* REQUIRED ACTION
Collect each line of the records containing the string "alike".
SOURCE DATA: Begin
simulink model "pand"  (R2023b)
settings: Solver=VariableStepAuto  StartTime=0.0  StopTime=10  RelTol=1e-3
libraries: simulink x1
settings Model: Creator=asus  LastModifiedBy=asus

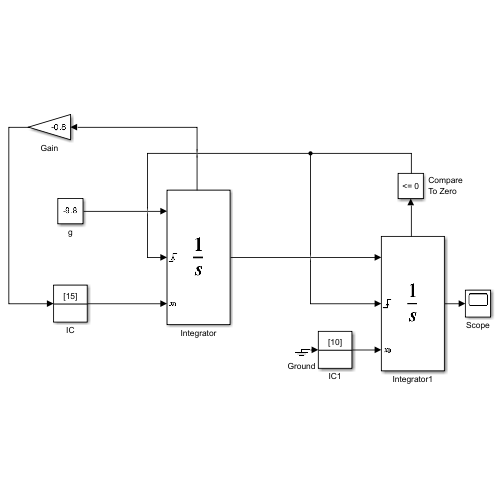
[thumbnail: Simulink's stored preview of the top-level diagram]
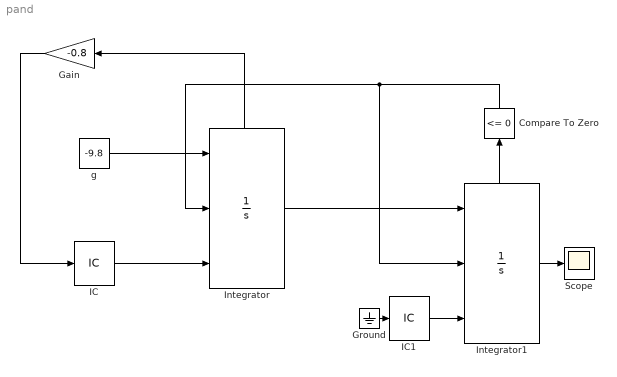
== system pand ==
  Compare To Zero : simulink/Logic and Bit Operations/Compare To Zero  relop=<=  OutDataTypeStr=boolean
  Gain : Gain  Gain=-0.8
  Ground : Ground
  IC : InitialCondition  Value=15
  IC1 : InitialCondition  Value=10
  Integrator : Integrator  ExternalReset=rising  InitialConditionSource=external  ShowStatePort=on
  Integrator1 : Integrator  ExternalReset=rising  InitialConditionSource=external  ShowStatePort=on
  Scope : Scope
  g : Constant  Value=-9.8
  wires:
  g/1 -> Integrator/1
  IC/1 -> Integrator/3
  Integrator/1 -> Integrator1/1
  Integrator1/State -> Compare To Zero/1
  Compare To Zero/1 -> Integrator1/2, Integrator/2
  Gain/1 -> IC/1
  IC1/1 -> Integrator1/3
  Ground/1 -> IC1/1
  Integrator1/1 -> Scope/1
  Integrator/State -> Gain/1
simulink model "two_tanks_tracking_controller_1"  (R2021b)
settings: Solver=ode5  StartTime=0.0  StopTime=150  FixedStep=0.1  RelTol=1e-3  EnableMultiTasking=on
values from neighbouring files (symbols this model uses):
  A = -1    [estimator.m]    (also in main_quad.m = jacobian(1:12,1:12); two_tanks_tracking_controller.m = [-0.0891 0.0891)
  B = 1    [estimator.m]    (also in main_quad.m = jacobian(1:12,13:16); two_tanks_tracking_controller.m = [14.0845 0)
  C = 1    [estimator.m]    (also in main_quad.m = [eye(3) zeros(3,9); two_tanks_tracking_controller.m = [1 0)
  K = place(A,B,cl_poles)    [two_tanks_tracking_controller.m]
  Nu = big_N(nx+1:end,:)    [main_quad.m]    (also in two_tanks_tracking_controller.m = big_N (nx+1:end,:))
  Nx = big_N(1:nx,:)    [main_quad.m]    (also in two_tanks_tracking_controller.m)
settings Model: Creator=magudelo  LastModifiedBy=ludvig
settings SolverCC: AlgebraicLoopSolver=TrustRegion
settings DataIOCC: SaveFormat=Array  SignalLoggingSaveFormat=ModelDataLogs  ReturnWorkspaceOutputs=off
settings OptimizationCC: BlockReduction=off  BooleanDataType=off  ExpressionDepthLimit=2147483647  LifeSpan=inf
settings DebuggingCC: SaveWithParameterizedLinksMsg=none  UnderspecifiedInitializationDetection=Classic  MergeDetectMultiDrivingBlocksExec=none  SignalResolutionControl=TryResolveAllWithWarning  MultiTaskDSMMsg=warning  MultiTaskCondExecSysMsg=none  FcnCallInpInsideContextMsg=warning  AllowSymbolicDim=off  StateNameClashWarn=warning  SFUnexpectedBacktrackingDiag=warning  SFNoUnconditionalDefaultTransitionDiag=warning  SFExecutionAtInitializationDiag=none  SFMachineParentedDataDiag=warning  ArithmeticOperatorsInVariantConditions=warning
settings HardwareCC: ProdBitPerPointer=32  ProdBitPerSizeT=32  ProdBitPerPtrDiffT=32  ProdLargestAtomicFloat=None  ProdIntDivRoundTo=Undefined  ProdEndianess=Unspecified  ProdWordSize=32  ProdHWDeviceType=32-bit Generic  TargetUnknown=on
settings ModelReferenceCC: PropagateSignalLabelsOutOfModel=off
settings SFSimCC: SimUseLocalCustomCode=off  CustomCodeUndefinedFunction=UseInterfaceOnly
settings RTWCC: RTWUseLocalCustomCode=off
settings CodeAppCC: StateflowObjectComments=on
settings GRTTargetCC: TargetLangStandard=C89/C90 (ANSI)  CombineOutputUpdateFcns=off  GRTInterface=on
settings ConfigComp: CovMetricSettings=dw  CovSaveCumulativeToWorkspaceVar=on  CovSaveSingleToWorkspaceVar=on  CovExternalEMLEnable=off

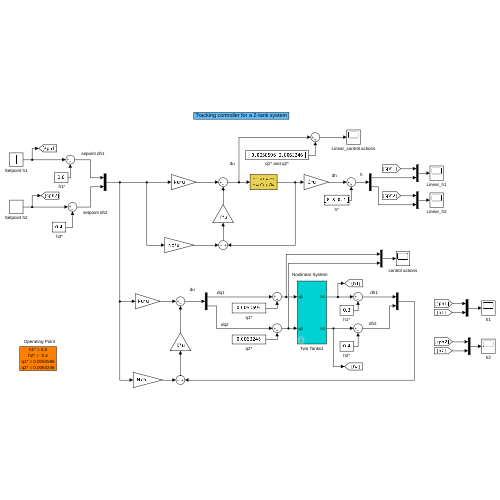
[thumbnail: Simulink's stored preview of the top-level diagram]
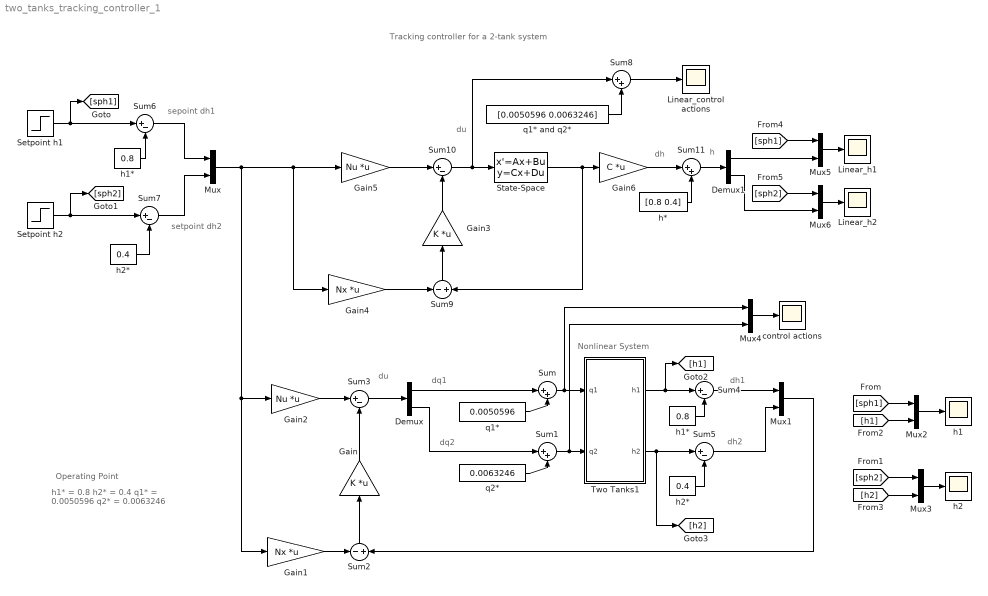
== system two_tanks_tracking_controller_1 ==
  note: h
  note: du
  note: Nonlinear System
  note: Tracking controller for a 2-tank system
  note: Operating Point
  note: h1* = 0.8
      | h2* =  0.4
      | q1* = 0.0050596
      | q2* = 0.0063246
  note: dh1
  note: dh2
  note: dq1
  note: dq2
  note: sepoint dh1
  note: setpoint dh2
  note: dh
  note: du
  " h1*" : Constant  Value=0.8
  " h2*" : Constant  Value=0.4
  Demux : Demux  Outputs=2
  Demux1 : Demux  Outputs=2
  Gain : Gain  Gain=K  Multiplication=Matrix(K*u)
  Gain1 : Gain  Gain=Nx  Multiplication=Matrix(K*u)
  Gain2 : Gain  Gain=Nu  Multiplication=Matrix(K*u)
  Gain3 : Gain  Gain=K  Multiplication=Matrix(K*u)
  Gain4 : Gain  Gain=Nx  Multiplication=Matrix(K*u)
  Gain5 : Gain  Gain=Nu  Multiplication=Matrix(K*u)
  Gain6 : Gain  Gain=C  Multiplication=Matrix(K*u)
  Linear_control actions : Scope
  Linear_h1 : Scope
  Linear_h2 : Scope
  Mux{,1..6} (7 alike) : Mux  Inputs=2
  Setpoint h1 : Step  Time=50  Before=0.8  After=0.9  SampleTime=0
  Setpoint h2 : Step  Time=50  Before=0.4  After=0.4  SampleTime=0
  State-Space : StateSpace  A=A  B=B  C=eye(2,2)  D=zeros(2,2)  InitialCondition=0
  Sum{,1,8,11} (4 alike) : Sum  Inputs=|++  InputSameDT=on  SaturateOnIntegerOverflow=on  OutDataTypeStr=Inherit: Same as first input
  Sum{3..7,10} (6 alike) : Sum  Inputs=|+-  InputSameDT=on  SaturateOnIntegerOverflow=on  OutDataTypeStr=Inherit: Same as first input
  Sum2 : Sum  Inputs=-+  InputSameDT=on  SaturateOnIntegerOverflow=on  OutDataTypeStr=Inherit: Same as first input
  Sum9 : Sum  Inputs=-+  InputSameDT=on  SaturateOnIntegerOverflow=on  OutDataTypeStr=Inherit: Same as first input
  Two Tanks1 : Subsystem  mask(Tanks systems){A1=0.071, A2=0.071, k1=0.008, k2=0.018, h10=0.8, h20=0.4}
      mask prompts: A1 "Cross sectional area of Tank 1 :"; A2 "Cross sectional area of Tank 2  :"; k1 "Valve coefficient k1 :"; k2 "Valve coeficient k2 :"; h10 "Initial level for Tank 1:"; h20 "Initial level for Tank 2 :"
      mask help:
      | Sistema de 2 tanques acoplados.
      |
      | Oscar Mauricio Agudelo Mañozca
      | OMAM/2002
  control actions : Scope
  h* : Constant  Value=[0.8 0.4]
  h1 : Scope
  h1* : Constant  Value=0.8
  h2 : Scope
  h2* : Constant  Value=0.4
  q1* : Constant  Value=0.0050596
  q1* and q2* : Constant  Value=[0.0050596 0.0063246]
  q2* : Constant  Value=0.0063246
  wires:
  Sum/1 -> Two Tanks1/1(q1), Mux4/1
  q1*/1 -> Sum/2
  Sum1/1 -> Two Tanks1/2(q2), Mux4/2
  q2*/1 -> Sum1/2
  Two Tanks1/1(h1) -> Sum4/1, [h1]
  h1*/1 -> Sum4/2
  h2*/1 -> Sum5/2
  Two Tanks1/2(h2) -> Sum5/1, [h2]
  Sum4/1 -> Mux1/1
  Sum5/1 -> Mux1/2
  Mux1/1 -> Sum2/2
  Sum2/1 -> Gain/1
  Gain1/1 -> Sum2/1
  Mux/1 -> Gain2/1, Gain1/1, Gain5/1, Gain4/1
  Gain2/1 -> Sum3/1
  Gain/1 -> Sum3/2
  Sum3/1 -> Demux/1
  Demux/1 -> Sum/1
  Demux/2 -> Sum1/1
  Setpoint h1/1 -> Sum6/1, [sph1]
  " h1*"/1 -> Sum6/2
  Setpoint h2/1 -> Sum7/1, [sph2]
  " h2*"/1 -> Sum7/2
  Sum7/1 -> Mux/2
  Sum6/1 -> Mux/1
  Mux2/1 -> h1/1
  Mux3/1 -> h2/1
  [sph1] -> Mux2/1
  [sph2] -> Mux3/1
  [h1] -> Mux2/2
  [h2] -> Mux3/2
  Mux4/1 -> control actions/1
  Sum9/1 -> Gain3/1
  Gain4/1 -> Sum9/1
  Gain5/1 -> Sum10/1
  Gain3/1 -> Sum10/2
  Sum10/1 -> State-Space/1, Sum8/1
  Mux5/1 -> Linear_h1/1
  Mux6/1 -> Linear_h2/1
  [sph1] -> Mux5/1
  [sph2] -> Mux6/1
  Demux1/1 -> Mux5/2
  State-Space/1 -> Gain6/1, Sum9/2
  Gain6/1 -> Sum11/1
  h*/1 -> Sum11/2
  Sum11/1 -> Demux1/1
  Demux1/2 -> Mux6/2
  q1* and q2*/1 -> Sum8/2
  Sum8/1 -> Linear_control actions/1

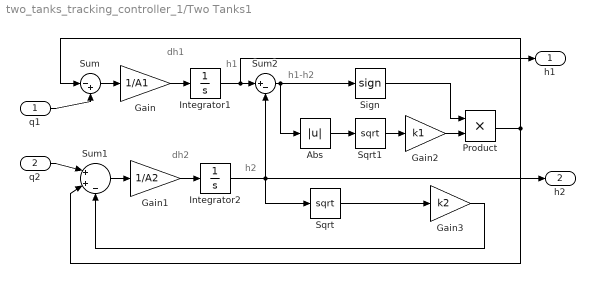
== system two_tanks_tracking_controller_1/Two Tanks1 ==
  note: h1-h2
  note: h2
  note: dh2
  note: h1
  note: dh1
  q1 : Inport
  q2 : Inport  Port=2
  Abs : Abs  SaturateOnIntegerOverflow=on
  Gain : Gain  Gain=1/A1  SaturateOnIntegerOverflow=on  OutDataTypeStr=Inherit: Same as input  ParamDataTypeStr=Inherit: Same as input
  Gain1 : Gain  Gain=1/A2  SaturateOnIntegerOverflow=on  OutDataTypeStr=Inherit: Same as input  ParamDataTypeStr=Inherit: Same as input
  Gain2 : Gain  Gain=k1  SaturateOnIntegerOverflow=on  OutDataTypeStr=Inherit: Same as input  ParamDataTypeStr=Inherit: Same as input
  Gain3 : Gain  Gain=k2  SaturateOnIntegerOverflow=on  OutDataTypeStr=Inherit: Same as input  ParamDataTypeStr=Inherit: Same as input
  Integrator1 : Integrator  InitialCondition=h10  LimitOutput=on  LowerSaturationLimit=0
  Integrator2 : Integrator  InitialCondition=h20  LimitOutput=on  LowerSaturationLimit=0
  Product : Product  InputSameDT=on  RndMeth=Zero  SaturateOnIntegerOverflow=on  OutDataTypeStr=Inherit: Same as first input
  Sign : Signum
  Sqrt : Sqrt  SaturateOnIntegerOverflow=on
  Sqrt1 : Sqrt  SaturateOnIntegerOverflow=on
  Sum : Sum  Inputs=|-+  InputSameDT=on  SaturateOnIntegerOverflow=on  OutDataTypeStr=Inherit: Same as first input
  Sum1 : Sum  Inputs=|++-  InputSameDT=on  SaturateOnIntegerOverflow=on  OutDataTypeStr=Inherit: Same as first input
  Sum2 : Sum  Inputs=|+-  InputSameDT=on  SaturateOnIntegerOverflow=on  OutDataTypeStr=Inherit: Same as first input
  h1 : Outport
  h2 : Outport  Port=2
  wires:
  Sum/1 -> Gain/1
  Gain/1 -> Integrator1/1
  Product/1 -> Sum/1, Sum1/2
  Integrator1/1 -> Sum2/1, h1/1
  q1/1 -> Sum/2
  Sum2/1 -> Abs/1, Sign/1
  Abs/1 -> Sqrt1/1
  Sqrt1/1 -> Gain2/1
  Gain2/1 -> Product/2
  Sign/1 -> Product/1
  Sum1/1 -> Gain1/1
  Gain1/1 -> Integrator2/1
  q2/1 -> Sum1/1
  Gain3/1 -> Sum1/3
  Integrator2/1 -> Sqrt/1, Sum2/2, h2/1
  Sqrt/1 -> Gain3/1
SOURCE DATA: End
* SOLUTION TO THIS TASK
  Mux{,1..6} (7 alike) : Mux  Inputs=2
  Sum{,1,8,11} (4 alike) : Sum  Inputs=|++  InputSameDT=on  SaturateOnIntegerOverflow=on  OutDataTypeStr=Inherit: Same as first input
  Sum{3..7,10} (6 alike) : Sum  Inputs=|+-  InputSameDT=on  SaturateOnIntegerOverflow=on  OutDataTypeStr=Inherit: Same as first input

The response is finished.